US Secretary of State Rex Tillerson will meet with NATO members next week in Brussels, officials said Friday, as alliance diplomats struggled to reschedule a key meeting.
The transatlantic alliance’s leading partner threw planning for an April 5 summit of NATO foreign ministers into chaos on Tuesday, when Tillerson revealed he would not be attending.
Faced with the embarrassment of a no-show that would have called President Donald Trump’s commitment to US allies into question, member states decided to try to pick a new date.
But now, US officials say Tillerson will head to Brussels on Friday next week regardless, even though members are still seeking a new date for the talks.

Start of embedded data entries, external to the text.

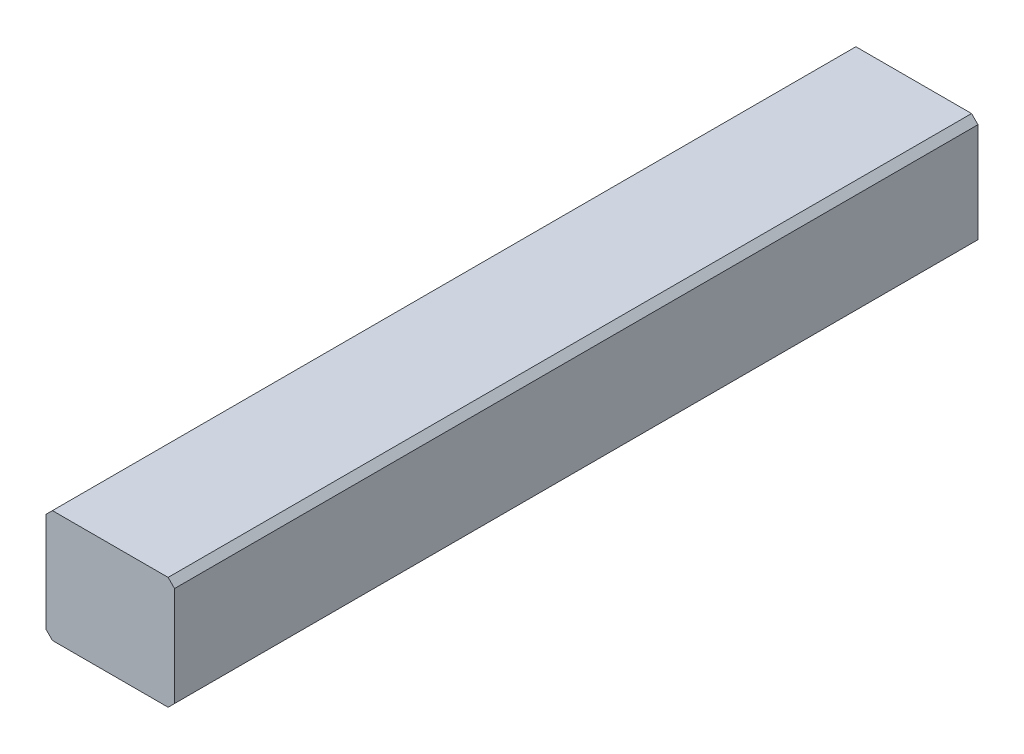
SolidWorks part; units mm, degrees
ref_plane "Front" through (0, 0, 0) normal (0, 0, 1) x (1, 0, 0)
ref_plane "Top" through (0, 0, 0) normal (0, 1, 0) x (1, 0, 0)
ref_plane "Right" through (0, 0, 0) normal (1, 0, 0) x (0, 0, -1)
sketch "body" plane through (0, 0, 0) normal (0, 0, 1) x (1, 0, 0)
  line L1 (0, 0) -> (8, 0)
  line L2 (0, 0) -> (0, 7)
  line L3 (0, 7) -> (8, 7)
  line L4 (8, 0) -> (8, 7)
  dimension "Thickness" = 7
  dimension "Width" = 8
extrude "Extrude1" add sketch "body" along normal blind 50
chamfer "Chamfer1" distance 0.4 4 edges at (0, 0, 25) (8, 0, 25) (0, 7, 25) (8, 7, 25)

“The Secretary of State will visit NATO in Brussels, Belgium,” acting State Department spokesman Mark Toner said, without revealing any details of planned meetings.
In Brussels, NATO officials were also cautious, telling AFP that they hoped to reschedule the full ministerial meeting to Friday but that a decision would not be made before Monday.
“There are ongoing consultations on scheduling among the allies. The dates of ministerial meetings have to be agreed by all 28 allies,” one said, speaking on condition of anonymity.
Officials suggested that the complicating factor might be the agenda of Britain’s Foreign Secretary Boris Johnson, who might not be able to make it to Brussels on March 31.
On Tuesday, the State Department confirmed that Tillerson would not be able to attend the long-planned April 5 and 6 meeting.
Chinese leader Xi Jinping is expected to visit President Donald Trump in the United States in early April, and Tillerson would be expected to attend their meetings.
But his office has not confirmed that engagement, and word that Tillerson would stay away from the NATO talks stirred doubt about US commitment to its allies.
NATO member Turkey’s Foreign Minister Mevlut Cavusoglu has already announced that he expects to meet Tillerson in Ankara on Thursday, March 30.
Toner said Tillerson would also meet President Recep Tayyip Erdogan during the visit, and “discuss the way forward with our campaign to defeat ISIS in Syria and Iraq.”
After almost two months in the job, Tillerson has yet to appoint a deputy or any assistant secretaries, has largely avoided the media and works with a small inner circle of advisers.
The administration, meanwhile, has been scrambling to reaffirm its commitment to US military alliances after Trump called into question their usefulness during the presidential campaign.
Last week, after meeting Chancellor Angela Merkel, Trump claimed Germany owes “vast sums of money to NATO and the United States,” reviving his charge that allies do not pay their way.
Defense Secretary Jim Mattis, a former Marine general, has declared US support for NATO, and last week Tillerson reaffirmed ties with Asian allies Japan and South Korea.
But Tillerson’s absence from the foreign ministers’ meeting would have been noted with concern, especially by newer East European members on its exposed east flank.
The United States has worked with NATO to shore up support for the pro-western government in Kiev after Russia’s annexation of Crimea and its support for a bloody uprising in eastern Ukraine.
Combined with economic sanctions, the deployment of more NATO troops from Western members to frontline Eastern allies in the Baltics and Poland was intended to send a signal to Moscow.
But during his presidential campaign, Trump raised eyebrows by expressing admiration for Russian President Vladimir Putin and dismissing NATO as “obsolete.”